**REQUIRED WORK**
Give again every line from the one with "#17457 = ORIENTED_EDGE" through the last line of the data, exactly, and leave out the lines before it.

(EXERCISE INPUTS)

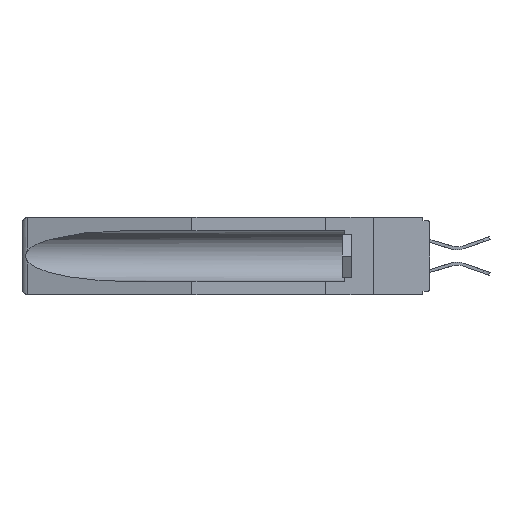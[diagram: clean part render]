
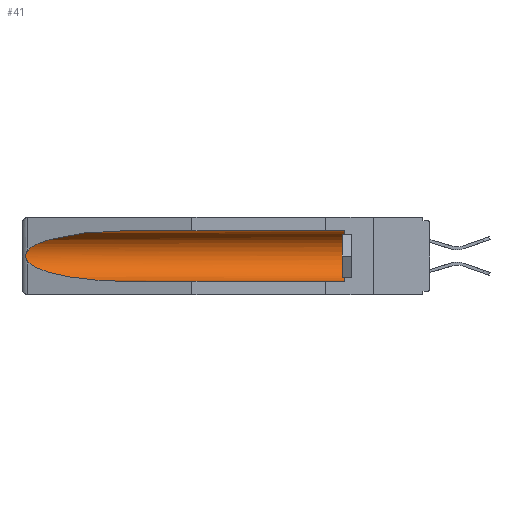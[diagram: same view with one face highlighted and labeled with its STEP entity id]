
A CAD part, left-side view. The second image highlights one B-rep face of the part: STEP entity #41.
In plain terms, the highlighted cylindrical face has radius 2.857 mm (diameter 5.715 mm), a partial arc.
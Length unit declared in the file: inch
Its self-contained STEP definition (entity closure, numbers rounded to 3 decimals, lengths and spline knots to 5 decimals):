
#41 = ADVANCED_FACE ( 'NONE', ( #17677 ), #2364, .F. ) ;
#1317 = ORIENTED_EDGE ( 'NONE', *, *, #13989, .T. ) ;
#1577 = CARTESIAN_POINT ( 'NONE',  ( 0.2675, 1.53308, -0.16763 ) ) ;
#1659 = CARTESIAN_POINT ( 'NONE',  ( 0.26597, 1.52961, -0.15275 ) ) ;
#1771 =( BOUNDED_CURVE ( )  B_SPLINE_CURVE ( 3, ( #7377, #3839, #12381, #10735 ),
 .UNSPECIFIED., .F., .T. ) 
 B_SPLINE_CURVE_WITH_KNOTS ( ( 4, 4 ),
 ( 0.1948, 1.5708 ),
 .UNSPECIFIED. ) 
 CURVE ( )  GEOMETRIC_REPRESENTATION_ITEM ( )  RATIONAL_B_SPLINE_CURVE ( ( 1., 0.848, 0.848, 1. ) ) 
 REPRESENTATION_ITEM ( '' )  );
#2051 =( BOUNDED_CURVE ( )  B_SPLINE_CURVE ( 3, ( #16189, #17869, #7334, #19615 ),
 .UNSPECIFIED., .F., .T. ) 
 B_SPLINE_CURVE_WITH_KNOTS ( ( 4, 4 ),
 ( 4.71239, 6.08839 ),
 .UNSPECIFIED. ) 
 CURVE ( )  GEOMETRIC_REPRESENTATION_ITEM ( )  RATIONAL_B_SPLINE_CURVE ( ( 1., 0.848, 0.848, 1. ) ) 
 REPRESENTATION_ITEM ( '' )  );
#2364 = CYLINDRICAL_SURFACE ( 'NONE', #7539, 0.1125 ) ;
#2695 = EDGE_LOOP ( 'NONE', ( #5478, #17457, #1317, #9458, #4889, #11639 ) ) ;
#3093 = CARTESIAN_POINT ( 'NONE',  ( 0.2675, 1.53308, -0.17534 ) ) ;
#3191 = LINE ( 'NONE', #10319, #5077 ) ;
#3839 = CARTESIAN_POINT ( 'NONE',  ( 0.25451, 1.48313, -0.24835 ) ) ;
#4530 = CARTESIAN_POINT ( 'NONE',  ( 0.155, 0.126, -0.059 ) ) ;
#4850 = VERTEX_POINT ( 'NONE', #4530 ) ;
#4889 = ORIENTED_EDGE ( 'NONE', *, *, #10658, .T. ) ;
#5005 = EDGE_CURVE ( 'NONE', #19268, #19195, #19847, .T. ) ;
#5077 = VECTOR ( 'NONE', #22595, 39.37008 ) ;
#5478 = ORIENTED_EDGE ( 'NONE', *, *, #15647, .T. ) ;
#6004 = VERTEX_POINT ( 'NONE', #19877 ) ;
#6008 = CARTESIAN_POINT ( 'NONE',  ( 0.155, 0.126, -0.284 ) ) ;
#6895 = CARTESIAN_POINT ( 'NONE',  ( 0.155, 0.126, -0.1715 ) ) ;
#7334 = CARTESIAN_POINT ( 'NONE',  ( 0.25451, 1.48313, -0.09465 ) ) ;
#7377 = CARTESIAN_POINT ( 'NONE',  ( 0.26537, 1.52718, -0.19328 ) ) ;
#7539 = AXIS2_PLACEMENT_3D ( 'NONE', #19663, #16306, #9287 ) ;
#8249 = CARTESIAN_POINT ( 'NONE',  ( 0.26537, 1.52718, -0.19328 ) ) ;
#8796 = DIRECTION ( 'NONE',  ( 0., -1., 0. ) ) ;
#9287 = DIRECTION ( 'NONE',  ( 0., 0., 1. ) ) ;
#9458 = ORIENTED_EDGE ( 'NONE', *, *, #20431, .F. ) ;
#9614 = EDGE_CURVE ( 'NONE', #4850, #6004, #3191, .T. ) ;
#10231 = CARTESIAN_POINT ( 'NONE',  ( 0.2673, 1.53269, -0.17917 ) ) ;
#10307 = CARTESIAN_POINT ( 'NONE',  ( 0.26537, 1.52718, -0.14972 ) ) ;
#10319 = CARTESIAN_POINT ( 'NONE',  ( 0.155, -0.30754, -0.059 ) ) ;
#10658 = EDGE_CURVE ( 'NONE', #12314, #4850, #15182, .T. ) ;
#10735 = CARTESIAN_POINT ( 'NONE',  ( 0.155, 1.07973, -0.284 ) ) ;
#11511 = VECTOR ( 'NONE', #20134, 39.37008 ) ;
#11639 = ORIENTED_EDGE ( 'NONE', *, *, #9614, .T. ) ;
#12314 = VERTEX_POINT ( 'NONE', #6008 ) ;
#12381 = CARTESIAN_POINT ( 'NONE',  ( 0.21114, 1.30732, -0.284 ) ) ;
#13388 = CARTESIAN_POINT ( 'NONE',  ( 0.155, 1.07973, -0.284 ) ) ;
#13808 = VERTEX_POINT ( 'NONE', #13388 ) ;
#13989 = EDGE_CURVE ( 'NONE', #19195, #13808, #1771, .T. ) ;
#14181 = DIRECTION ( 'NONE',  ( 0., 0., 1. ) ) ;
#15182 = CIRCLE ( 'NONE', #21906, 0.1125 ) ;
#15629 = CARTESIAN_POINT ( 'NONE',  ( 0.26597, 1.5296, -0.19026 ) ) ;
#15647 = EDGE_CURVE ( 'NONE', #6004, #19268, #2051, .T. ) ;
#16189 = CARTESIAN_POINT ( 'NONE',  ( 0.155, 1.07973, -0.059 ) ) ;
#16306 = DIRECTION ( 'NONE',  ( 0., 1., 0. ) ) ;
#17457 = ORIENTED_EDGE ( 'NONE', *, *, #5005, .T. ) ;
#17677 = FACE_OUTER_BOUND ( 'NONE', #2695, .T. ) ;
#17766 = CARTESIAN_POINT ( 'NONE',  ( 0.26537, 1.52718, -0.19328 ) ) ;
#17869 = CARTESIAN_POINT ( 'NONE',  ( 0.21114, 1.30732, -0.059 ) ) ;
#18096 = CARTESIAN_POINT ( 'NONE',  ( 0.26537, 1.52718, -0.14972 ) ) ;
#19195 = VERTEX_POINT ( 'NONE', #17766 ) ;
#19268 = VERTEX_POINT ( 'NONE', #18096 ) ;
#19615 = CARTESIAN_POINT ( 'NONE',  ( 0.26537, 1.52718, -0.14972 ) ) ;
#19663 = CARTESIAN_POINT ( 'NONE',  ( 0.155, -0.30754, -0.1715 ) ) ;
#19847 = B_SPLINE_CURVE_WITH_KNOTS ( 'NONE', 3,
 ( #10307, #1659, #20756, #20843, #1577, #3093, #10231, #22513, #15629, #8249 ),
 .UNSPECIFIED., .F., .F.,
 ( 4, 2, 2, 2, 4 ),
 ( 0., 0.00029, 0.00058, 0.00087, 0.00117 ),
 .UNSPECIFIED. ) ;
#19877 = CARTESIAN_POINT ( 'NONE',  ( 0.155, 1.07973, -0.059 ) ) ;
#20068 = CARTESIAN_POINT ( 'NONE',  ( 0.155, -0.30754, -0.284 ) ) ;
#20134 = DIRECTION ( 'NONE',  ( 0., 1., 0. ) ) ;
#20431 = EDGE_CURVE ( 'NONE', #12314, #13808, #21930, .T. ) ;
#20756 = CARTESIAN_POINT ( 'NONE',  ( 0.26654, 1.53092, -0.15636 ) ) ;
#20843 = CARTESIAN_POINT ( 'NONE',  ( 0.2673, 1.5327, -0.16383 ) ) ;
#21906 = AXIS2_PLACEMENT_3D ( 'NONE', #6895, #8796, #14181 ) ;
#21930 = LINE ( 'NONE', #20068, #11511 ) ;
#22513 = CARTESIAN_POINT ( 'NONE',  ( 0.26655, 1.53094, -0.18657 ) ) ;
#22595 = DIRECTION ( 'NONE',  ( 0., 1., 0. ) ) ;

(End EXERCISE INPUTS)

**WRITTEN ANSWER**
#17457 = ORIENTED_EDGE ( 'NONE', *, *, #5005, .T. ) ;
#17677 = FACE_OUTER_BOUND ( 'NONE', #2695, .T. ) ;
#17766 = CARTESIAN_POINT ( 'NONE',  ( 0.26537, 1.52718, -0.19328 ) ) ;
#17869 = CARTESIAN_POINT ( 'NONE',  ( 0.21114, 1.30732, -0.059 ) ) ;
#18096 = CARTESIAN_POINT ( 'NONE',  ( 0.26537, 1.52718, -0.14972 ) ) ;
#19195 = VERTEX_POINT ( 'NONE', #17766 ) ;
#19268 = VERTEX_POINT ( 'NONE', #18096 ) ;
#19615 = CARTESIAN_POINT ( 'NONE',  ( 0.26537, 1.52718, -0.14972 ) ) ;
#19663 = CARTESIAN_POINT ( 'NONE',  ( 0.155, -0.30754, -0.1715 ) ) ;
#19847 = B_SPLINE_CURVE_WITH_KNOTS ( 'NONE', 3,
 ( #10307, #1659, #20756, #20843, #1577, #3093, #10231, #22513, #15629, #8249 ),
 .UNSPECIFIED., .F., .F.,
 ( 4, 2, 2, 2, 4 ),
 ( 0., 0.00029, 0.00058, 0.00087, 0.00117 ),
 .UNSPECIFIED. ) ;
#19877 = CARTESIAN_POINT ( 'NONE',  ( 0.155, 1.07973, -0.059 ) ) ;
#20068 = CARTESIAN_POINT ( 'NONE',  ( 0.155, -0.30754, -0.284 ) ) ;
#20134 = DIRECTION ( 'NONE',  ( 0., 1., 0. ) ) ;
#20431 = EDGE_CURVE ( 'NONE', #12314, #13808, #21930, .T. ) ;
#20756 = CARTESIAN_POINT ( 'NONE',  ( 0.26654, 1.53092, -0.15636 ) ) ;
#20843 = CARTESIAN_POINT ( 'NONE',  ( 0.2673, 1.5327, -0.16383 ) ) ;
#21906 = AXIS2_PLACEMENT_3D ( 'NONE', #6895, #8796, #14181 ) ;
#21930 = LINE ( 'NONE', #20068, #11511 ) ;
#22513 = CARTESIAN_POINT ( 'NONE',  ( 0.26655, 1.53094, -0.18657 ) ) ;
#22595 = DIRECTION ( 'NONE',  ( 0., 1., 0. ) ) ;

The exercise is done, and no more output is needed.